Ale nie na długo – dzisiaj krajowa waluta odrabiała straty. To w większym stopniu zasługa USD/PLN, który powrócił poniżej 3,90, ale i też EUR/PLN oddalającego się od ostatnich oporów przy 4,29. Dane nt. PKB w USA, jakie poznaliśmy o godz. 13:30 były słabsze od prognoz (1,5 proc. w ujęciu zanualizowanym), ale na wysokim poziomie utrzymały się wydatki konsumpcyjne (3,2 proc.). W efekcie oczekiwania rynku związane z grudniową podwyżką jeszcze wzrosły – według kontraktów FED Funds Futures z giełdy CME prawdopodobieństwo takiego ruchu wynosi już 50 proc. Naszym zdaniem, co zaznaczyliśmy w rannym komentarzu, taki ruch ze strony FED nie jest do końca przesądzony. Ważne będą kolejne publikacje, zwłaszcza te, które poznamy w przyszłym tygodniu (indeksy ISM i dane Departamentu Pracy USA). Jutro wpływ na notowania EUR/USD, którego przebieg w dużej mierze rzutuje na USD/PLN będą mieć dane nt. wstępnej inflacji HICP w strefie euro w październiku. Lepsze dane, jakie napłynęły dzisiaj z Niemiec, sprawiają, że nie można już zupełnie wykluczyć niespodzianki w której główny odczyt wyniesie +0,1 proc. r/r wobec -0,1 proc. r/r we wrześniu przy medianie oczekiwań na poziomie 0,0 proc. r/r. To oczywiście dałoby impuls dla EUR/USD do wzrostu ponad poziom 1,10, co przełożyłoby się na pogłębienie spadków USD/PLN w okolice 3,8550.
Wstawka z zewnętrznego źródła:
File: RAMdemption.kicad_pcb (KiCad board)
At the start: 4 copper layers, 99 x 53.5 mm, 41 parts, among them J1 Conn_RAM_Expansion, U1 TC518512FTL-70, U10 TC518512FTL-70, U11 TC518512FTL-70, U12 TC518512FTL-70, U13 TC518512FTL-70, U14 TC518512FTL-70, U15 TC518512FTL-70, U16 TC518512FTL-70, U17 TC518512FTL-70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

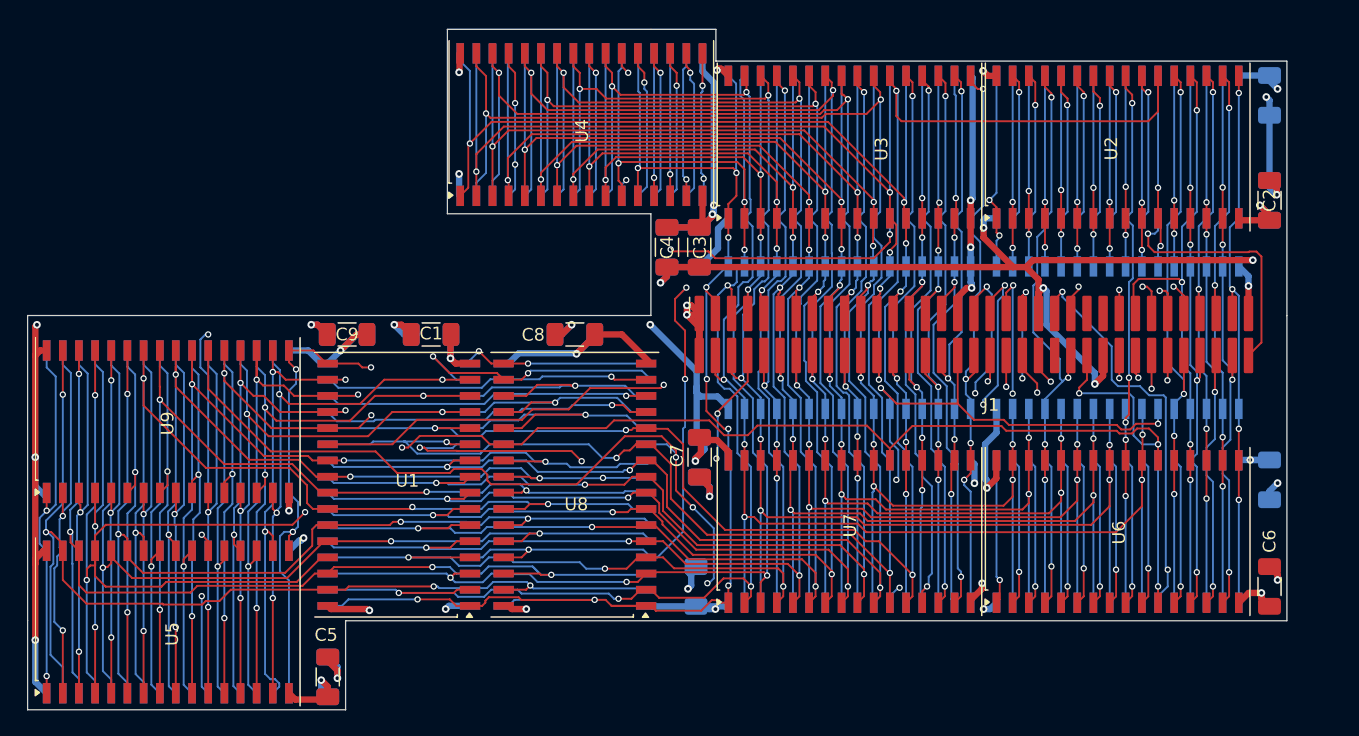
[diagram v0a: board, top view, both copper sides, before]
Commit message: redo cap placement
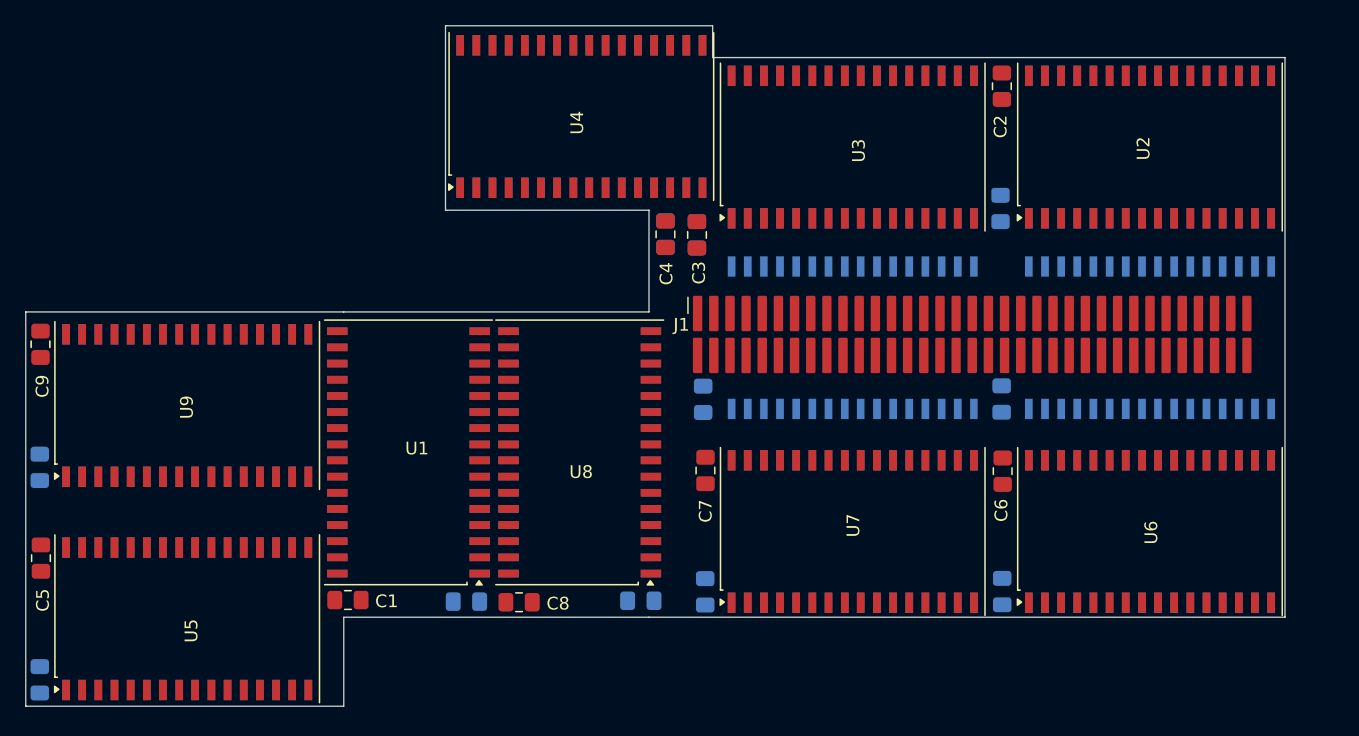
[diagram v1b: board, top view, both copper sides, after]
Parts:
- C1, C10, C11, C12, C13, C14, C15, C16, C17, C18, C19, C2, C20, C3, C4, C5, C6, C7, C8, C9: footprint Capacitor_SMD:C_1206_3216Metric_Pad1.33x1.80mm_HandSolder -> Capacitor_SMD:C_0805_2012Metric_Pad1.18x1.45mm_HandSolder
- moved C15 47.2 mm to (100.0, 62.9), turned to 90 degrees
- moved C19 46.3 mm to (99.5, 49.9), turned to -90 degrees
- moved C18 45.8 mm to (123.4, 47.9), turned to 90 degrees
- moved C14 33.9 mm to (123.4, 62.9), turned to 90 degrees
- moved C10 27.3 mm to (100.1, 78.0)
- moved C17 26.3 mm to (47.8, 68.2), turned to 90 degrees
- moved C5 24.4 mm to (47.9, 75.4)
- moved C9 24.1 mm to (47.9, 58.5), turned to -90 degrees
- moved C2 22.9 mm to (123.5, 38.3)
- moved C6 22.9 mm to (123.5, 68.5)
- moved C11 22.8 mm to (123.5, 78.0)
- moved C13 22.6 mm to (47.8, 84.9), turned to 90 degrees
- moved C1 21.9 mm to (72.1, 78.7)
- moved C16 21.5 mm to (81.4, 78.8), turned to 180 degrees
- moved C8 21.5 mm to (85.5, 78.8)
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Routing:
- net +5V: track 539.2 -> 0.00 mm, vias 28 -> 0
- net /RAM Bank 1/A18: track 274.8 -> 0.00 mm, vias 14 -> 0
- net /RAM Bank 1/A16: track 272.5 -> 0.00 mm, vias 12 -> 0
- net /RAM Bank 1/A15: track 266.8 -> 0.00 mm, vias 12 -> 0
- net /RAM Bank 1/A12: track 264.9 -> 0.00 mm, vias 12 -> 0
- net /RAM Bank 1/A17: track 261.2 -> 0.00 mm, vias 12 -> 0
- net /RAM Bank 1/A14: track 261.2 -> 0.00 mm, vias 12 -> 0
- net /RAM Bank 1/A6: track 260.6 -> 0.00 mm, vias 12 -> 0
- net /RAM Bank 1/A4: track 256.3 -> 0.00 mm, vias 12 -> 0
- net /RAM Bank 1/A7: track 256.2 -> 0.00 mm, vias 12 -> 0
- net /RAM Bank 1/A13: track 254.1 -> 0.00 mm, vias 12 -> 0
- net /RAM Bank 1/A9: track 253.5 -> 0.00 mm, vias 12 -> 0
- net /RAM Bank 1/A5: track 252.6 -> 0.00 mm, vias 12 -> 0
- net /RAM Bank 1/A3: track 250.9 -> 0.00 mm, vias 12 -> 0
- net /RAM Bank 1/A2: track 250.9 -> 0.00 mm, vias 12 -> 0
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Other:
- outline, holes or cut-outs redrawn

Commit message: six-layer stackup
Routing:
- added copper zone on In4.Cu, net GND
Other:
- copper layers 4 -> 6
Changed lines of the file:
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@@
 	(generator_version "9.0")
 	(general
-		(thickness 0.836)
+		(thickness 0.8244)
 		(legacy_teardrops no)
 	)
@@
 		(4 "In1.Cu" signal)
 		(6 "In2.Cu" signal)
+		(8 "In3.Cu" signal)
+		(10 "In4.Cu" signal)
 		(2 "B.Cu" signal)
 		(9 "F.Adhes" user "F.Adhesive")
@@
 				(type "Top Silk Screen")
 				(color "White")
-				(material "Peters SD2692")
+				(material "Liquid Photo")
 			)
 			(layer "F.Paste"
@@
 				(type "Top Solder Mask")
 				(color "Green")
-				(thickness 0.025)
-				(material "Elpemer AS 2467 SM-DG")
-				(epsilon_r 3.7)
+				(thickness 0.01)
+				(material "Liquid Ink")
+				(epsilon_r 3.3)
 				(loss_tangent 0)
 			)
 			(layer "F.Cu"
 				(type "copper")
-				(thickness 0.04)
+				(thickness 0.035)
 			)
 			(layer "dielectric 1"
 				(type "prepreg")
-				(color "FR4 natural")
-				(thickness 0.138)
-				(material "Pansonic R-1551(W)")
-				(epsilon_r 4.3)
+				(thickness 0.0764)
+				(material "1080")
+				(epsilon_r 3.91)
 				(loss_tangent 0)
 			)
 			(layer "In1.Cu"
 				(type "copper")
-				(thickness 0.035)
+				(thickness 0.0152)
 			)
 			(layer "dielectric 2"
 				(type "core")
 				(color "FR4 natural")
-				(thickness 0.36)
-				(material "Panasonic R-1566(W)")
+				(thickness 0.075)
+				(material "FR4")
 				(epsilon_r 4.6)
-				(loss_tangent 0)
+				(loss_tangent 0.02)
 			)
 			(layer "In2.Cu"
 				(type "copper")
-				(thickness 0.035)
+				(thickness 0.0152)
 			)
 			(layer "dielectric 3"
 				(type "prepreg")
+				(thickness 0.0764)
+				(material "1080")
+				(epsilon_r 3.91)
+				(loss_tangent 0) addsublayer
+				(thickness 0.218)
+				(material "7628")
+				(epsilon_r 4.4)
+				(loss_tangent 0) addsublayer
+				(thickness 0.0764)
+				(material "1080")
+				(epsilon_r 3.91)
+				(loss_tangent 0)
+			)
+			(layer "In3.Cu"
+				(type "copper")
+				(thickness 0.0152)
+			)
+			(layer "dielectric 4"
+				(type "core")
 				(color "FR4 natural")
-				(thickness 0.138)
-				(material "Pansonic R-1551(W)")
-				(epsilon_r 4.3)
+				(thickness 0.075)
+				(material "FR4")
+				(epsilon_r 4.6)
+				(loss_tangent 0.02)
+			)
+			(layer "In4.Cu"
+				(type "copper")
+				(thickness 0.0152)
+			)
+			(layer "dielectric 5"
+				(type "prepreg")
+				(thickness 0.0764)
+				(material "1080")
+				(epsilon_r 3.91)
 				(loss_tangent 0)
 			)
 			(layer "B.Cu"
 				(type "copper")
-				(thickness 0.04)
+				(thickness 0.035)
 			)
 			(layer "B.Mask"
 				(type "Bottom Solder Mask")
 				(color "Green")
-				(thickness 0.025)
-				(material "Elpemer AS 2467 SM-DG")
-				(epsilon_r 3.7)
+				(thickness 0.01)
+				(material "Liquid Ink")
+				(epsilon_r 3.3)
 				(loss_tangent 0)
 			)
@@
 				(type "Bottom Silk Screen")
 				(color "White")
-				(material "Peters SD2692")
+				(material "Liquid Photo")
 			)
 			(copper_finish "ENIG")
@@
 		(net 1)
 		(net_name "GND")
-		(layer "In1.Cu")
+		(layers "In1.Cu" "In4.Cu")
 		(hatch edge 0.5)
 		(connect_pads

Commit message: mostly rework
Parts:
- moved C7 3.57 mm to (99.9, 64.9), turned to 90 degrees
- moved C2 0.38 mm to (123.1, 38.3)
- moved C10 0.25 mm to (99.9, 78.0)
- moved C18 0.25 mm to (123.1, 47.9)
- moved C14 0.25 mm to (123.2, 62.9)
- moved U1 0.25 mm to (76.6, 67.1)
- moved U10 0.25 mm to (134.9, 73.3)
- moved U14 0.25 mm to (134.9, 58.0)
- moved U16 0.25 mm to (76.6, 67.1)
- moved U18 0.25 mm to (134.9, 43.0)
- moved U2 0.25 mm to (134.9, 43.0)
- moved U6 0.25 mm to (134.9, 73.3)
- moved C6 0.24 mm to (123.3, 68.4)
- moved C5 0.13 mm to (47.8, 75.4)
- moved C9 0.13 mm to (47.8, 58.5)
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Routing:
- net +5V: track 0.00 -> 422.1 mm, vias 0 -> 19
- net /RAM Bank 1/A15: track 0.00 -> 282.9 mm, vias 0 -> 11
- net /RAM Bank 1/A18: track 0.00 -> 282.2 mm, vias 0 -> 16
- net /RAM Bank 1/A16: track 0.00 -> 279.0 mm, vias 0 -> 15
- net /RAM Bank 1/A17: track 0.00 -> 276.4 mm, vias 0 -> 11
- net /RAM Bank 1/A14: track 0.00 -> 275.1 mm, vias 0 -> 12
- net /RAM Bank 1/A12: track 0.00 -> 272.6 mm, vias 0 -> 12
- net /RAM Bank 1/A7: track 0.00 -> 271.7 mm, vias 0 -> 12
- net /RAM Bank 1/A6: track 0.00 -> 268.5 mm, vias 0 -> 12
- net /RAM Bank 1/A5: track 0.00 -> 268.0 mm, vias 0 -> 12
- net /RAM Bank 1/A13: track 0.00 -> 267.2 mm, vias 0 -> 11
- net /RAM Bank 1/A8: track 0.00 -> 265.0 mm, vias 0 -> 11
- net /RAM Bank 1/A3: track 0.00 -> 264.6 mm, vias 0 -> 12
- net /RAM Bank 1/A4: track 0.00 -> 264.6 mm, vias 0 -> 12
- net /RAM Bank 1/A9: track 0.00 -> 261.5 mm, vias 0 -> 11
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
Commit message: finish
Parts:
- moved C14 5.51 mm to (123.3, 68.4), turned to -90 degrees
- moved C12 3.56 mm to (91.5, 78.8)
- moved C19 1.42 mm to (100.1, 51.2)
- moved C20 1.42 mm to (97.6, 51.2)
- moved C4 1.42 mm to (97.6, 51.2)
- moved C3 1.42 mm to (100.1, 51.2)
- moved C13 1.02 mm to (47.8, 83.9)
- moved C10 0.13 mm to (99.8, 78.0)
- moved C2 0.05 mm to (123.1, 38.2)
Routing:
- net +5V: track 422.1 -> 71.4 mm
- net ~{CS3}: track 0.00 -> 142.2 mm, vias 0 -> 2
- net ~{CS6}: track 13.2 -> 139.5 mm, vias 2 -> 6
- net ~{CS2}: track 0.00 -> 124.7 mm, vias 0 -> 5
- net /~{WE3}: track 28.8 -> 149.7 mm, vias 2 -> 7
- net /RAM Bank 1/D27: track 0.00 -> 117.7 mm, vias 0 -> 5
- net ~{CS5}: track 0.00 -> 105.0 mm, vias 0 -> 5
- net /RAM Bank 1/D30: track 28.2 -> 132.9 mm, vias 2 -> 3
- net /RAM Bank 1/D28: track 28.6 -> 128.6 mm, vias 2 -> 4
- net /RAM Bank 1/D26: track 27.6 -> 126.9 mm, vias 2 -> 3
- net /RAM Bank 1/D31: track 37.3 -> 133.8 mm, vias 2 -> 4
- net /RAM Bank 1/D24: track 31.3 -> 122.7 mm, vias 3 -> 5
- net /RAM Bank 1/D25: track 36.9 -> 127.1 mm, vias 2 -> 3
- net /RAM Bank 1/D29: track 37.4 -> 126.4 mm, vias 2 -> 4
- net /RAM Bank 1/D7: track 36.2 -> 108.0 mm, vias 2 -> 5
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- added copper zone on In2.Cu, net +5V

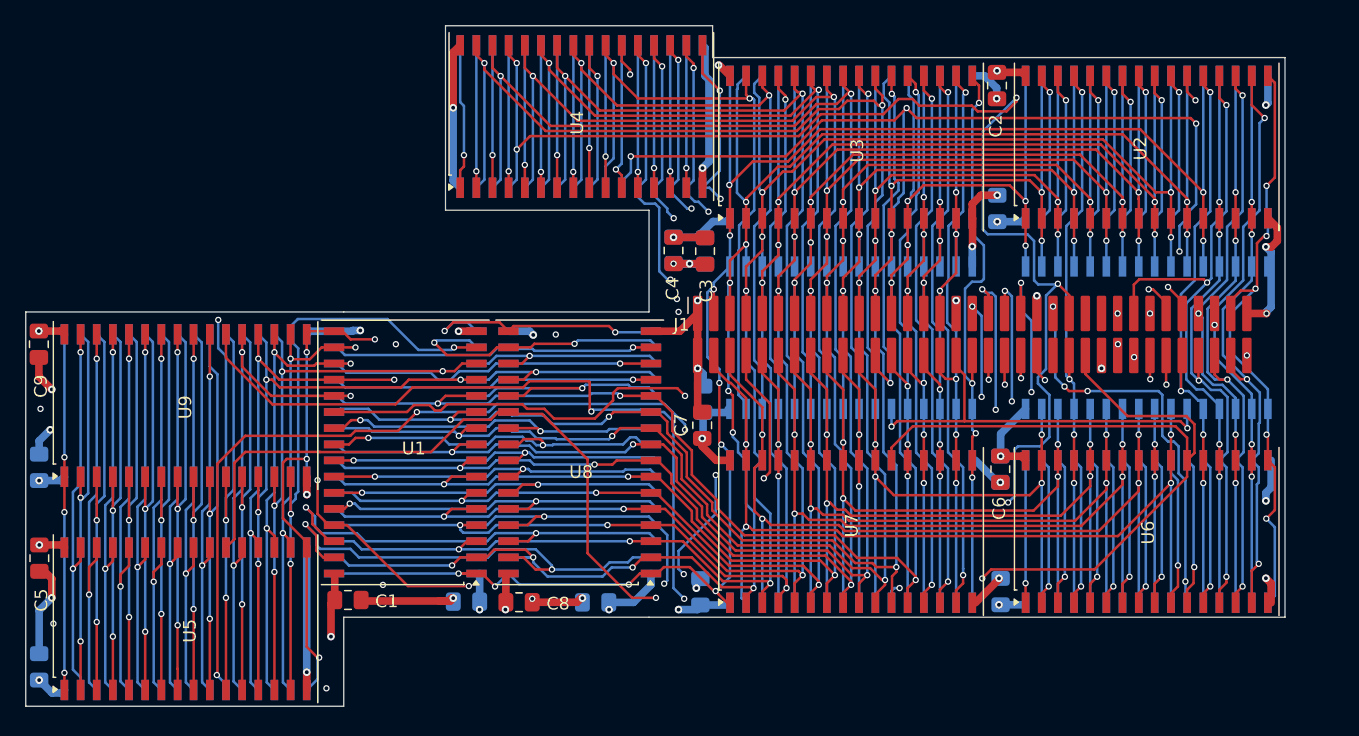
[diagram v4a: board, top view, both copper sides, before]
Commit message: add board name, 3d connector model
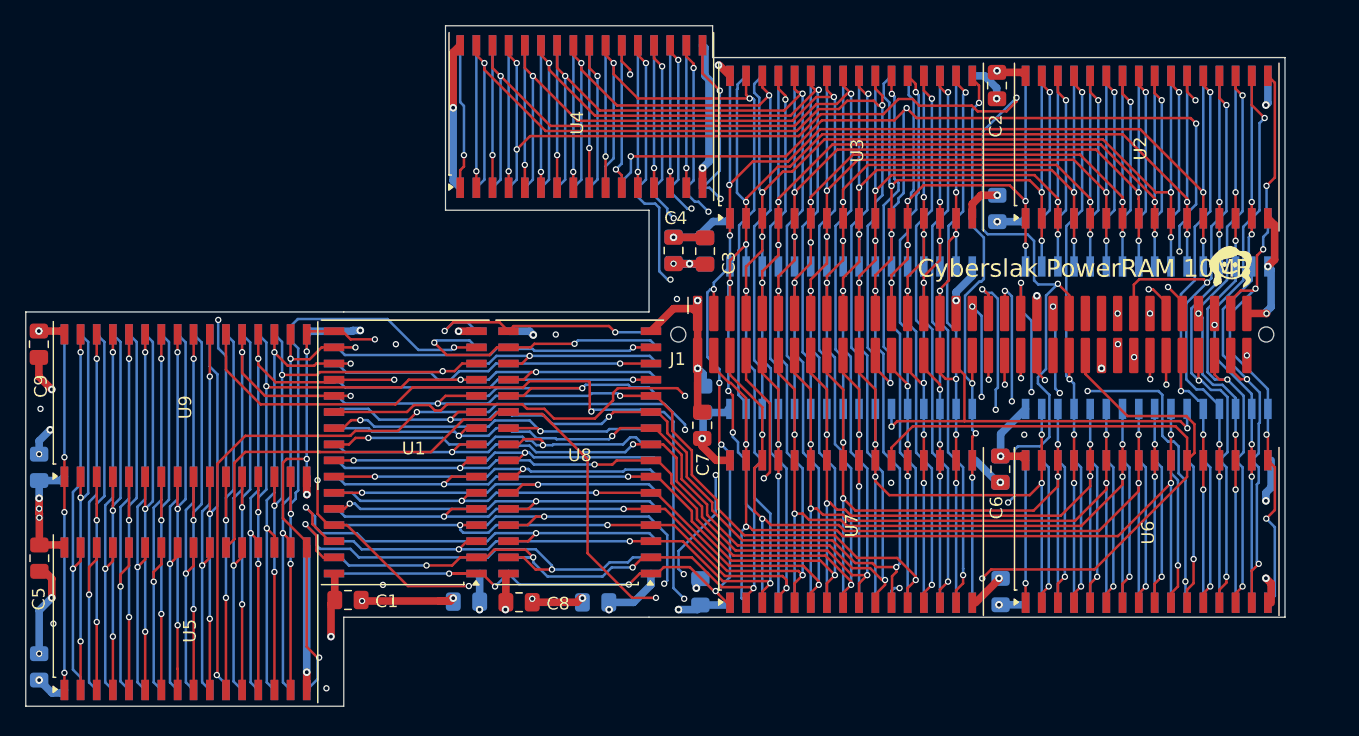
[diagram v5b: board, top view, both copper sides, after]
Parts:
- added G***: LOGO, RAMdemption:Me, F.Cu at (141.4, 52.5)
- J1: footprint RAMdemption:TE_5-104652-7_NoHoles -> RAMdemption:TE_5-104652-7
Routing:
- net +5V: track 71.4 -> 76.5 mm, vias 19 -> 20
- net /RAM Bank 1/A16: track 279.2 -> 276.8 mm
- net ~{CS4}: track 130.1 -> 131.3 mm
- net GND: track 111.2 -> 110.6 mm, vias 36 -> 39
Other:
- board text added: "Cyberslak PowerRAM 10MB"

Na złotego wciąż duże znaczenie w najbliższych dniach będzie mieć polityka, chociaż ryzyko z nią związane nie powinno już rosnąć. Teraz rynek będzie czekał na pierwsze posiedzenie Sejmu, oraz szybkie powołanie rządu. Kluczowe będą pytania o aspekty podatkowe i kształt ewentualnych zmian w przyszłorocznym budżecie.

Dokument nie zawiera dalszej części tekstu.